- _THE PROBLEM_:
Where in the listing does the word "VariableName" appear? Report each line that holds it.

- _SUPPLIED INFORMATION_:
━━━━━━━━━━━━━━━━
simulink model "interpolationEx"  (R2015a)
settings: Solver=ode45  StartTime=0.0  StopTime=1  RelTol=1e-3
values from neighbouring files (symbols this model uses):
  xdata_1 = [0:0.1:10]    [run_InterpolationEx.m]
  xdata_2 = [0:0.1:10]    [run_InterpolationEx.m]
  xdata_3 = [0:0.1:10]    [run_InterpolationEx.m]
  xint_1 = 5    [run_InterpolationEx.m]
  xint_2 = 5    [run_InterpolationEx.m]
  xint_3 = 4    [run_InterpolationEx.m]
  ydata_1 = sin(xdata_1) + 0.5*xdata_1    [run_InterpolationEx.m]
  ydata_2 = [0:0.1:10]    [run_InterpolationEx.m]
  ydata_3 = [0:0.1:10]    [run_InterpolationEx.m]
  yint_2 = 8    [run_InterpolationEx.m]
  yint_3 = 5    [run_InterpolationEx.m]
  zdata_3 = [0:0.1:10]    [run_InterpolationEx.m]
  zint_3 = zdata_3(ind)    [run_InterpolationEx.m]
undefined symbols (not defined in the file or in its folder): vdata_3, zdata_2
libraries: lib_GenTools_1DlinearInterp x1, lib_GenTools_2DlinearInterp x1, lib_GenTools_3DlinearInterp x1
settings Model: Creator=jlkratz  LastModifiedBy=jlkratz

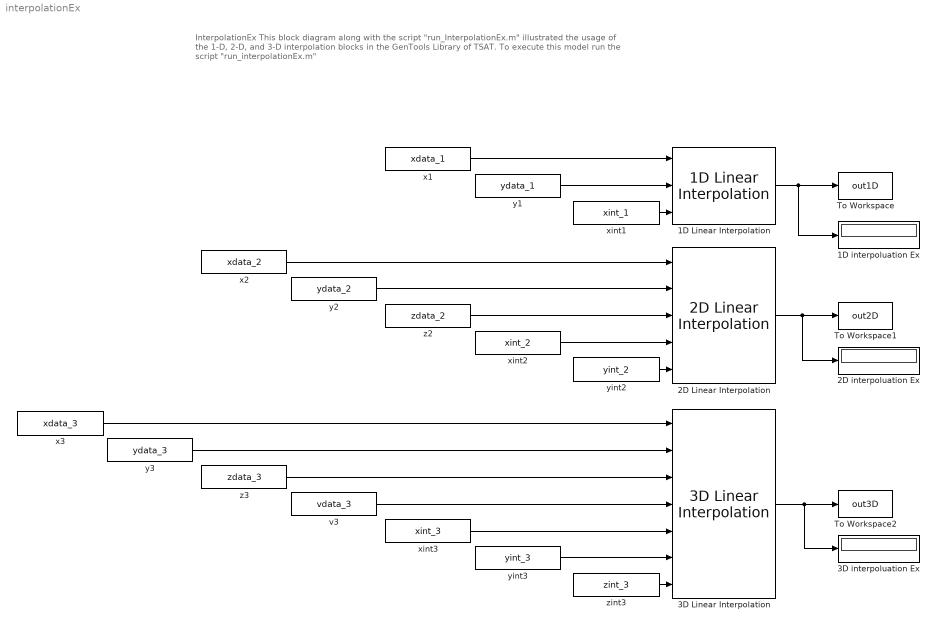
== system interpolationEx ==
  note: InterpolationEx
      |
      | This block diagram along with the script "run_InterpolationEx.m" illustrated the usage of the 1-D, 2-D, and 3-D interpolation
      | blocks in the GenTools Library of TSAT.
      |
      | To execute this model run the script "run_interpolationEx.m"
  1D Linear Interpolation : lib_GenTools_1DlinearInterp/1D Linear Interpolation  BN_M=double(gcb)
  1D interpoluation Ex : Display
  2D Linear Interpolation : lib_GenTools_2DlinearInterp/2D Linear Interpolation  BN_M=double(gcb)
  2D interpoluation Ex : Display
  3D Linear Interpolation : lib_GenTools_3DlinearInterp/3D Linear Interpolation  BN_M=double(gcb)
  3D interpoluation Ex : Display
  To Workspace : ToWorkspace  VariableName=out1D  SaveFormat=Timeseries  SampleTime=-1
      settings: MaxDataPoints=1
  To Workspace1 : ToWorkspace  VariableName=out2D  SaveFormat=Timeseries  SampleTime=-1
      settings: MaxDataPoints=1
  To Workspace2 : ToWorkspace  VariableName=out3D  SaveFormat=Timeseries  SampleTime=-1
      settings: MaxDataPoints=1
  v3 : Constant  Value=vdata_3
  x1 : Constant  Value=xdata_1
  x2 : Constant  Value=xdata_2
  x3 : Constant  Value=xdata_3
  xint1 : Constant  Value=xint_1
  xint2 : Constant  Value=xint_2
  xint3 : Constant  Value=xint_3
  y1 : Constant  Value=ydata_1
  y2 : Constant  Value=ydata_2
  y3 : Constant  Value=ydata_3
  yint2 : Constant  Value=yint_2
  yint3 : Constant  Value=yint_3
  z2 : Constant  Value=zdata_2
  z3 : Constant  Value=zdata_3
  zint3 : Constant  Value=zint_3
  wires:
  1D Linear Interpolation/1 -> 1D interpoluation Ex/1, To Workspace/1
  2D Linear Interpolation/1 -> 2D interpoluation Ex/1, To Workspace1/1
  3D Linear Interpolation/1 -> 3D interpoluation Ex/1, To Workspace2/1
  x1/1 -> 1D Linear Interpolation/1
  y1/1 -> 1D Linear Interpolation/2
  xint1/1 -> 1D Linear Interpolation/3
  x2/1 -> 2D Linear Interpolation/1
  y2/1 -> 2D Linear Interpolation/2
  yint2/1 -> 2D Linear Interpolation/5
  z2/1 -> 2D Linear Interpolation/3
  xint2/1 -> 2D Linear Interpolation/4
  xint3/1 -> 3D Linear Interpolation/5
  zint3/1 -> 3D Linear Interpolation/7
  yint3/1 -> 3D Linear Interpolation/6
  x3/1 -> 3D Linear Interpolation/1
  y3/1 -> 3D Linear Interpolation/2
  z3/1 -> 3D Linear Interpolation/3
  v3/1 -> 3D Linear Interpolation/4
━━━━━━━━━━━━━━━━
- _SOLVED EXERCISE_:
  To Workspace : ToWorkspace  VariableName=out1D  SaveFormat=Timeseries  SampleTime=-1
  To Workspace1 : ToWorkspace  VariableName=out2D  SaveFormat=Timeseries  SampleTime=-1
  To Workspace2 : ToWorkspace  VariableName=out3D  SaveFormat=Timeseries  SampleTime=-1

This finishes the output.